Die Wahl der Bodensee-Apfelhoheiten, veranstaltet von der Erzeugergemeinschaft "Obst vom Bodensee", wartete diesmal mit einem neuen Konzept auf und blieb dennoch in der gewohnten Spur: Die jungen Frauen müssen nicht in vielen Outfits, sondern vor allem in der Beantwortung vieler Fachfragen gute Figur machen. Einziger Laufsteg: ihr Einzug in den Saal durch die dicht gefüllten Zuschauerränge. Der Musikverein Kressbronn schmettert "Horch, was kommt von draußen rein", die Aspirantinnen folgen einer genau abgezirkelten Choreografie und tanzen auch sonst nicht aus der Reihe: Hochgesteckte Haare, Dirndl aus der Edelschneiderei – mit der künftigen Arbeitskleidung einer Apfelhoheit hätte jedenfalls keine der sechs Kandidatinnen ein Problem.

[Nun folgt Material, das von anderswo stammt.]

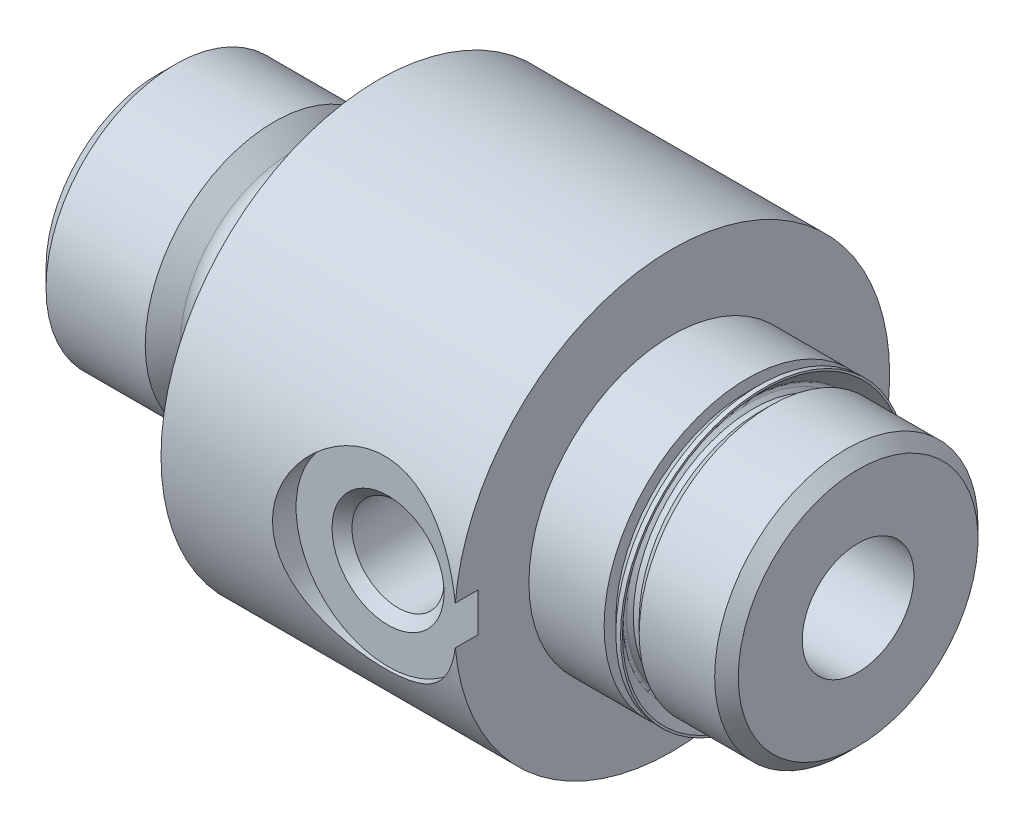
SolidWorks part; units mm, degrees
ref_plane "Front Plane" through (0, 0, 0) normal (0, 0, 1) x (1, 0, 0)
ref_plane "Top Plane" through (0, 0, 0) normal (0, 1, 0) x (1, 0, 0)
ref_plane "Right Plane" through (0, 0, 0) normal (1, 0, 0) x (0, 0, -1)
ref_plane "Plane1" through (0, 0, 0) normal (0, 0, 1) x (1, 0, 0)
sketch "Sketch1" plane through (0, 0, 0) normal (0, 0, 1) x (1, 0, 0)
  line L0 (0, 0) -> (0, 4.8006)
  line L1 (0, 4.8006) -> (0.7556, 5.5563)
  line L2 (0.7556, 5.5563) -> (5.0286, 5.5563)
  line L3 (5.0286, 5.5563) -> (5.7864, 4.8042)
  line L4 (6.35, 4.572) -> (7.5184, 4.572)
  line L5 (8.3185, 5.3721) -> (8.3185, 5.5245)
  line L6 (8.3185, 5.5245) -> (9.525, 5.5245)
  line L7 (9.525, 5.5245) -> (9.525, 0)
  line L8 (9.525, 0) -> (0, 0)
  line L9 (9.525, 0) -> (0, 0) construction
  arc A0 (5.7864, 4.8042) -> (6.35, 4.572) centre (6.35, 5.3721) ccw
  arc A1 (7.5184, 4.572) -> (8.3185, 5.3721) centre (7.5184, 5.3721) ccw
revolve "Revolve1" add sketch "Sketch1" angle 360 about L9
cosmetic thread "Cosmetic Thread1" parameters "D1"=5.7842, "D2"=9.6012
ref_plane "Plane2" through (0, 0, 0) normal (0, 0, 1) x (1, 0, 0)
sketch "Sketch2" plane through (0, 0, 0) normal (0, 0, 1) x (1, 0, 0)
  line L0 (9.525, 0) -> (9.525, 9.3726)
  line L1 (9.525, 9.3726) -> (25.4, 9.3726)
  line L2 (25.4, 9.3726) -> (25.4, 5.1626)
  line L3 (25.4, 5.1626) -> (25.908, 5.1626)
  line L4 (25.908, 5.1626) -> (26.416, 5.6705)
  line L5 (26.416, 5.6705) -> (29.6672, 5.6705)
  line L6 (29.6672, 5.6705) -> (30.1752, 5.1626)
  line L7 (30.1752, 5.1626) -> (30.1752, 0)
  line L8 (30.1752, 0) -> (9.525, 0)
  line L9 (30.1752, 0) -> (9.525, 0) construction
revolve "Revolve2" add sketch "Sketch2" angle 360 about L9
ref_plane "Plane3" through (0, 0, 0) normal (0, 0, 1) x (1, 0, 0)
sketch "Sketch3" plane through (0, 0, 0) normal (0, 0, 1) x (1, 0, 0)
  line L0 (0, 0) -> (0, 2.9146)
  line L1 (0, 2.9146) -> (0.508, 2.4067)
  line L2 (0.508, 2.4067) -> (30.1752, 2.4067)
  line L3 (30.1752, 2.4067) -> (30.1752, 0)
  line L4 (30.1752, 0) -> (0, 0)
  line L5 (30.1752, 0) -> (0, 0) construction
revolve "Cut-Revolve1" cut sketch "Sketch3" angle 360 about L5
ref_plane "Plane4" through (0, 0, 0) normal (0, 1, 0) x (1, 0, 0)
sketch "Sketch4" plane through (0, 0, 0) normal (0, 1, 0) x (1, 0, 0)
  line L0 (18.288, 1.016) -> (20.2717, 1.016)
  line L1 (20.2717, 1.016) -> (20.2717, -7.9273)
  line L2 (20.2717, -7.9273) -> (20.701, -8.3566)
  line L3 (20.701, -8.3566) -> (22.2504, -8.3566)
  line L4 (22.2504, -8.3566) -> (22.2504, -9.3726)
  line L5 (22.2504, -9.3726) -> (18.288, -9.3726)
  line L6 (18.288, -9.3726) -> (18.288, 1.016)
  line L7 (18.288, -9.3726) -> (18.288, 1.016) construction
revolve "Cut-Revolve2" cut sketch "Sketch4" angle 360 about L7
ref_plane "Plane5" through (0, 0, 0) normal (0, 0, 1) x (1, 0, 0)
sketch "Sketch5" plane through (0, 0, 0) normal (0, 0, 1) x (1, 0, 0)
  line L0 (22.1615, 9.9758) -> (22.1615, 6.1658)
  line L1 (22.1615, 6.1658) -> (25.4, 6.1658)
  line L2 (25.4, 6.1658) -> (25.4, 9.9758)
  line L3 (25.4, 9.9758) -> (22.1615, 9.9758)
  line L4 (25.4, 0) -> (22.1615, 0) construction
revolve "Cut-Revolve3" cut sketch "Sketch5" angle 360 about L4
ref_plane "Plane6" through (0, 0, 0) normal (0, 0, 1) x (1, 0, 0)
sketch "Sketch6" plane through (0, 0, 0) normal (0, 0, 1) x (1, 0, 0)
  line L0 (25.4, 5.6603) -> (25.4, 4.9085)
  line L1 (25.4, 4.9085) -> (25.908, 4.9085)
  line L2 (25.908, 4.9085) -> (25.908, 5.1626)
  line L3 (25.908, 5.1626) -> (25.654, 5.1626)
  line L4 (25.654, 5.1626) -> (25.5116, 5.305)
  line L5 (25.5116, 5.4846) -> (26.1087, 6.0817)
  line L6 (26.1087, 6.0817) -> (26.1087, 6.1658)
  line L7 (26.1087, 6.1658) -> (25.9055, 6.1658)
  line L8 (25.9055, 6.1658) -> (25.4, 5.6603)
  line L9 (25.908, 0) -> (25.4, 0) construction
  arc A0 (25.5116, 5.305) -> (25.5116, 5.4846) centre (25.6014, 5.3948) cw
revolve "Revolve3" add sketch "Sketch6" angle 360 about L9

Dann wird auf der Bühne ganz in "Wetten, dass?"-Manier eine Couch aufgefahren. Auf der fischt Moderator Benzmann nach privaten Bekenntnissen der Mädels. Keine ist auf den Mund gefallen. Man erfährt, dass Sonja Müller gerne mal Formel-1-Fahrerin wäre, weil sie auch auf dem Traktor immer einen Tick schneller drauf ist. Dass Jasmin Büchele nein sagt zu Tierquälerei. Und dass Regina Kininger nicht nur auf dem elterlichen Hof mithilft, sondern auch bei den Pfadfindern. Zupackend, bodenständig, mit dem Apfelanbau aufgewachsen sind alle sechs Bewerberinnen. Das weitere Portfolio – rhetorische Begabung, Charme, landwirtschaftliches Fachwissen – dürfen sie im weiteren Verlauf des Abends in Spielshows entfalten, die unverkennbar aus Klassikern der Fernsehunterhaltung entlehnt sind. Selbst "Dalli-Klick" wird restituiert, als auf dem Bühnenhintergrund ein Puzzle erscheint, dessen Einzelteile verdeckt sind und nach und nach offengelegt werden. Meist braucht es nur ein, zwei Klicks, bis die Kandidatinnen hinter den geheimnisvollen Bildausschnitten den Apfelwickler oder die Apfelkrankheit Stippe erkennen.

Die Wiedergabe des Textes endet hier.